También existe otro espacio que podría acoger la celebración, el campo de As Cabazas, pero la organización apuesta por mantenerla en el núcleo urbano. El motivo tiene que ver también con la hostelería local, ya que los establecimientos se encuentran en esta zona y son parte de los negocios que se benefician de la llegada de visitantes.

«Hay que trabajar también para todo el mundo», resume Sendón.

Un desfile que reúne a miles de personas

El esfuerzo tiene una recompensa que se mide también fuera de las propias carrozas. El desfile atrae a vecinos, familias y visitantes y convierte Covas en un punto de encuentro.

Desde que las agrupaciones parten de Prior hasta que finalizan el recorrido, son cientos las personas que participan directamente en la celebración.
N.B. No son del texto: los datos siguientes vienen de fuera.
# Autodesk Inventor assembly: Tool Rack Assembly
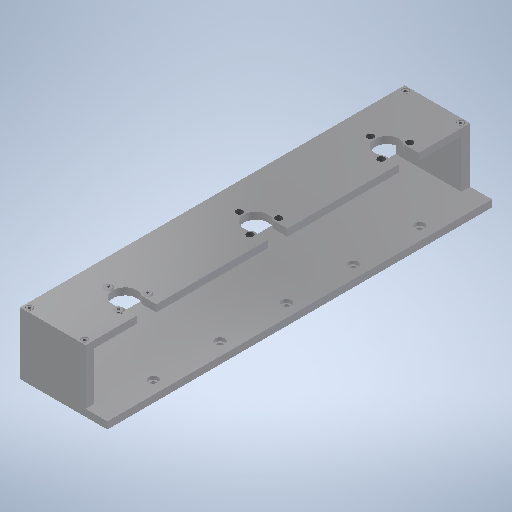
[picture p0: Inventor's stored thumbnail of the model, 512x512]
Saved by Autodesk Inventor 2025 (Build 290162000, 162)
## iProperties
Created: 2010-12-14
Part Number: Tool Rack Assembly
Document SubType Name: Assembly
Designer: berny
Author: berny
## Documents named in this file (6)
- C:\Users\cfang\Desktop\nebraska-silicon-lab\Hardware\General Gantry\Gantry Tool Rack\Tool Rack Assembly.iam
- C:\Users\cfang\Desktop\nebraska-silicon-lab\Hardware\General Gantry\Gantry Tool Rack\Bottom.ipt
- C:\Users\cfang\Desktop\nebraska-silicon-lab\Hardware\General Gantry\Gantry Tool Rack\Sides.ipt
- C:\Users\cfang\Desktop\nebraska-silicon-lab\Hardware\General Gantry\Gantry Tool Rack\Top.ipt
- C:\Users\cfang\Desktop\nebraska-silicon-lab\Hardware\General Gantry\Gantry Tool Rack\90128A212_Zinc-Plated Alloy Steel Socket Head Screw\90128A212_Zinc-Plated Alloy Steel Socket Head Screw.ipt
- C:\Users\cfang\Desktop\nebraska-silicon-lab\Hardware\General Gantry\Gantry Tool Rack\91375A617_Alloy Steel Cup-Point Set Screw\91375A617_Alloy Steel Cup-Point Set Screw.ipt
## Components (15 placed, 5 different names)
1. Top:1 — Flush:7, Flush:8, Mate:4, Insert:14, Insert:15, Insert:16, Insert:17, Insert:18, Insert:19, Insert:20
2. Sides:1 — Mate:2, Flush:3, Flush:4, Flush:7, Flush:8, Mate:4
3. Sides:2 — Mate:1, Mate:3, Flush:5, Flush:6
4. Bottom:1 — Mate:1, Mate:2, Flush:3, Flush:4, Mate:3, Flush:5, Flush:6, Insert:10, Insert:11, Insert:12, Insert:13
5. 90128A212_Zinc-Plated Alloy Steel Socket Head Screw:1 — Insert:10
6. 90128A212_Zinc-Plated Alloy Steel Socket Head Screw:2 — Insert:11
7. 90128A212_Zinc-Plated Alloy Steel Socket Head Screw:3 — Insert:12
8. 90128A212_Zinc-Plated Alloy Steel Socket Head Screw:4 — Insert:13
9. 90128A212_Zinc-Plated Alloy Steel Socket Head Screw:5 — Insert:17
10. 90128A212_Zinc-Plated Alloy Steel Socket Head Screw:6 — Insert:16
11. 90128A212_Zinc-Plated Alloy Steel Socket Head Screw:7 — Insert:15
12. 90128A212_Zinc-Plated Alloy Steel Socket Head Screw:8 — Insert:14
13. 91375A617_Alloy Steel Cup-Point Set Screw:1 — Insert:18
14. 91375A617_Alloy Steel Cup-Point Set Screw:2 — Insert:19
15. 91375A617_Alloy Steel Cup-Point Set Screw:3 — Insert:20
## Relationships (21: Insert 11, Flush 6, Mate 4)
- Mate:1: Sides:2 ↔ Bottom:1
- Mate:2: Sides:1 ↔ Bottom:1
- Flush:3: Sides:1 ↔ Bottom:1
- Flush:4: Sides:1 ↔ Bottom:1
- Mate:3: Sides:2 ↔ Bottom:1
- Flush:5: Sides:2 ↔ Bottom:1
- Flush:6: Sides:2 ↔ Bottom:1
- Flush:7: Top:1 ↔ Sides:1
- Flush:8: Top:1 ↔ Sides:1
- Mate:4: Top:1 ↔ Sides:1
- Insert:10: Bottom:1 ↔ 90128A212_Zinc-Plated Alloy Steel Socket Head Screw:1
- Insert:11: Bottom:1 ↔ 90128A212_Zinc-Plated Alloy Steel Socket Head Screw:2
- Insert:12: Bottom:1 ↔ 90128A212_Zinc-Plated Alloy Steel Socket Head Screw:3
- Insert:13: Bottom:1 ↔ 90128A212_Zinc-Plated Alloy Steel Socket Head Screw:4
- Insert:14: Top:1 ↔ 90128A212_Zinc-Plated Alloy Steel Socket Head Screw:8
- Insert:15: Top:1 ↔ 90128A212_Zinc-Plated Alloy Steel Socket Head Screw:7
- Insert:16: Top:1 ↔ 90128A212_Zinc-Plated Alloy Steel Socket Head Screw:6
- Insert:17: Top:1 ↔ 90128A212_Zinc-Plated Alloy Steel Socket Head Screw:5
- Insert:18 (2.5 mm): Top:1 ↔ 91375A617_Alloy Steel Cup-Point Set Screw:1
- Insert:19 (2.5 mm): Top:1 ↔ 91375A617_Alloy Steel Cup-Point Set Screw:2
- Insert:20 (2.5 mm): Top:1 ↔ 91375A617_Alloy Steel Cup-Point Set Screw:3

Y una vez en el núcleo, la organización estima que pueden llegar a concentrarse cerca de 2.000 personas.

«Realmente es un evento que atrae gente», apunta el presidente de la AVV Santa Comba.

Después de 57 años, quizá esa sea la mejor explicación de por qué las carrozas siguen saliendo. No hay una fórmula mágica detrás de su supervivencia. Hay vecinos que se organizan, personas que dedican semanas a preparar un disfraz, plataformas que hay que conseguir, estructuras que construir y grupos que vuelven a reunirse cada verano.

También hay nuevas generaciones que se incorporan y una comunidad que, año tras año, decide que la tradición merece otro desfile.

Este viernes 28 de agosto, las carrozas volverán a recorrer Covas. Serán entre ocho y diez agrupaciones, con más de 200 personas implicadas y miles de espectadores al otro lado del recorrido.

Y, como siempre, habrá que esperar hasta que aparezcan para descubrir qué han preparado.

«Esperamos tener suerte» con el tiempo, dice Sendón. Lo demás ya lo han puesto los vecinos.